::: RECORDS PROVIDED :::

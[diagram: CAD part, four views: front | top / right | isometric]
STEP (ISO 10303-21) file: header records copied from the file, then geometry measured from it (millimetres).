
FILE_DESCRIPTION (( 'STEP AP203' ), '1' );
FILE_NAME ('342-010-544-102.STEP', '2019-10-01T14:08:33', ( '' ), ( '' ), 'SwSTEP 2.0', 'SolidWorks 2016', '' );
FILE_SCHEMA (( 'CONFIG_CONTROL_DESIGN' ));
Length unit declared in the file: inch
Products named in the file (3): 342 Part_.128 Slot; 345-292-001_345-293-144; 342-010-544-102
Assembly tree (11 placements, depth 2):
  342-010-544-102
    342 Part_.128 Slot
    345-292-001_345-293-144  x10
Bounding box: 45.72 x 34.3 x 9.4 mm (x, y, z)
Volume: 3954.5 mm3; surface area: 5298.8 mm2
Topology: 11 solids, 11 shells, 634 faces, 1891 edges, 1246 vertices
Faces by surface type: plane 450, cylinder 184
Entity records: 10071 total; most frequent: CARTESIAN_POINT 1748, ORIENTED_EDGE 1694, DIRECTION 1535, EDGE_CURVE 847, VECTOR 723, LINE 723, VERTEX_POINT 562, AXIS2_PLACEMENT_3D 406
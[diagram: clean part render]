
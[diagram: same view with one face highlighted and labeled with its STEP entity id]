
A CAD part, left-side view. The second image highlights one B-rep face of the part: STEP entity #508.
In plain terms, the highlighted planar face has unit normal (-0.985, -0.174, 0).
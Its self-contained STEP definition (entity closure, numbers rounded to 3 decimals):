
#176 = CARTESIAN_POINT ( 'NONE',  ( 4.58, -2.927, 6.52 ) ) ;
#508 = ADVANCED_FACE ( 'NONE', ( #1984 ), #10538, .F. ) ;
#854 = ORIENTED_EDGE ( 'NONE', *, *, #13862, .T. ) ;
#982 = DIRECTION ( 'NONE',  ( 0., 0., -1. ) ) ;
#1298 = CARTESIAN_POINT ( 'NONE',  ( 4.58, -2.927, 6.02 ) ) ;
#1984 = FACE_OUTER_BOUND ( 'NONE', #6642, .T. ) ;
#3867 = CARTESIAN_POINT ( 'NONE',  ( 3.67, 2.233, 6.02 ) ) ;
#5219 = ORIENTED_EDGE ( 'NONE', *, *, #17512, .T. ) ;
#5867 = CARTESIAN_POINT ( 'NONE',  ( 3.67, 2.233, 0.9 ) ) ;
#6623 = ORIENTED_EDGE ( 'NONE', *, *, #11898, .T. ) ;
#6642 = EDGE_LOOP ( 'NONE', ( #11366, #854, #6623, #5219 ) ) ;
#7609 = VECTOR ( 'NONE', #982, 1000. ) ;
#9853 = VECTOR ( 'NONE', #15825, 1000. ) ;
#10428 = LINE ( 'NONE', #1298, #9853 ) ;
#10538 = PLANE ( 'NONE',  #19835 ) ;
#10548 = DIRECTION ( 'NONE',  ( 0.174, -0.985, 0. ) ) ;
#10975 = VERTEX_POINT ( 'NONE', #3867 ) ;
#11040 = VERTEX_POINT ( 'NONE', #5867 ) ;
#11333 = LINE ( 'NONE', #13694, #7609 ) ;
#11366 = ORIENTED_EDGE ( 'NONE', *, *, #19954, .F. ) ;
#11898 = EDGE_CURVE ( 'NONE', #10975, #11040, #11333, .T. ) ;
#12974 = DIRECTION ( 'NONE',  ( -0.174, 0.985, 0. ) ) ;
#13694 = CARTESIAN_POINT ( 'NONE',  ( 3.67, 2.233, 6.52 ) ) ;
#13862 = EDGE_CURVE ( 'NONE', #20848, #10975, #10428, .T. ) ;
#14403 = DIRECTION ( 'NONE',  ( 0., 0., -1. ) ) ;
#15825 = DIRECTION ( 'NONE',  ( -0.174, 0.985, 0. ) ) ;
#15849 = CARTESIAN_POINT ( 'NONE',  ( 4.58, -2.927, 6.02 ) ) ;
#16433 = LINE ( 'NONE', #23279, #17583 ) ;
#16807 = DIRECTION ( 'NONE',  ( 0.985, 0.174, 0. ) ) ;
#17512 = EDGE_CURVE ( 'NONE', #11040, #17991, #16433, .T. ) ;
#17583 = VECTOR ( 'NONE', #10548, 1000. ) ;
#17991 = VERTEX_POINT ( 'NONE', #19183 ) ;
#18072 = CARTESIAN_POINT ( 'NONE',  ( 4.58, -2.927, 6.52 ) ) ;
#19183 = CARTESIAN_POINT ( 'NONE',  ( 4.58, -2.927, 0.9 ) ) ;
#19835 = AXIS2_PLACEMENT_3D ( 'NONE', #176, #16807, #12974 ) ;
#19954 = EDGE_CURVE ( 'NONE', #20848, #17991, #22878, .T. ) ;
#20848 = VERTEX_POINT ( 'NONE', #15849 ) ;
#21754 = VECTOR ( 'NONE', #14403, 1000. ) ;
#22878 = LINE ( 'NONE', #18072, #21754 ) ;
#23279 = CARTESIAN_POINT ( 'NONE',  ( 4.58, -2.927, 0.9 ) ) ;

:::

*INSTRUCTIONS FOR THE TASK*
A word-for-word copy of the entries, from the first line through the line containing "#982 = DIRECTION", is the whole answer.

*SOLUTION TO THE PROBLEM*
[diagram: CAD part, four views: front | top / right | isometric]
STEP (ISO 10303-21) file: header records copied from the file, then geometry measured from it (millimetres).
FILE_DESCRIPTION (( 'STEP AP203' ), '1' );
FILE_NAME ('342-010-544-102.STEP', '2019-10-01T14:08:33', ( '' ), ( '' ), 'SwSTEP 2.0', 'SolidWorks 2016', '' );
FILE_SCHEMA (( 'CONFIG_CONTROL_DESIGN' ));
Length unit declared in the file: inch
Products named in the file (3): 342 Part_.128 Slot; 345-292-001_345-293-144; 342-010-544-102
Assembly tree (11 placements, depth 2):
  342-010-544-102
    342 Part_.128 Slot
    345-292-001_345-293-144  x10
Bounding box: 45.72 x 34.3 x 9.4 mm (x, y, z)
Volume: 3954.5 mm3; surface area: 5298.8 mm2
Topology: 11 solids, 11 shells, 634 faces, 1891 edges, 1246 vertices
Faces by surface type: plane 450, cylinder 184
Entity records: 10071 total; most frequent: CARTESIAN_POINT 1748, ORIENTED_EDGE 1694, DIRECTION 1535, EDGE_CURVE 847, VECTOR 723, LINE 723, VERTEX_POINT 562, AXIS2_PLACEMENT_3D 406
[diagram: clean part render]
[diagram: same view with one face highlighted and labeled with its STEP entity id]
A CAD part, left-side view. The second image highlights one B-rep face of the part: STEP entity #508.
In plain terms, the highlighted planar face has unit normal (-0.985, -0.174, 0).
Its self-contained STEP definition (entity closure, numbers rounded to 3 decimals):
#176 = CARTESIAN_POINT ( 'NONE',  ( 4.58, -2.927, 6.52 ) ) ;
#508 = ADVANCED_FACE ( 'NONE', ( #1984 ), #10538, .F. ) ;
#854 = ORIENTED_EDGE ( 'NONE', *, *, #13862, .T. ) ;
#982 = DIRECTION ( 'NONE',  ( 0., 0., -1. ) ) ;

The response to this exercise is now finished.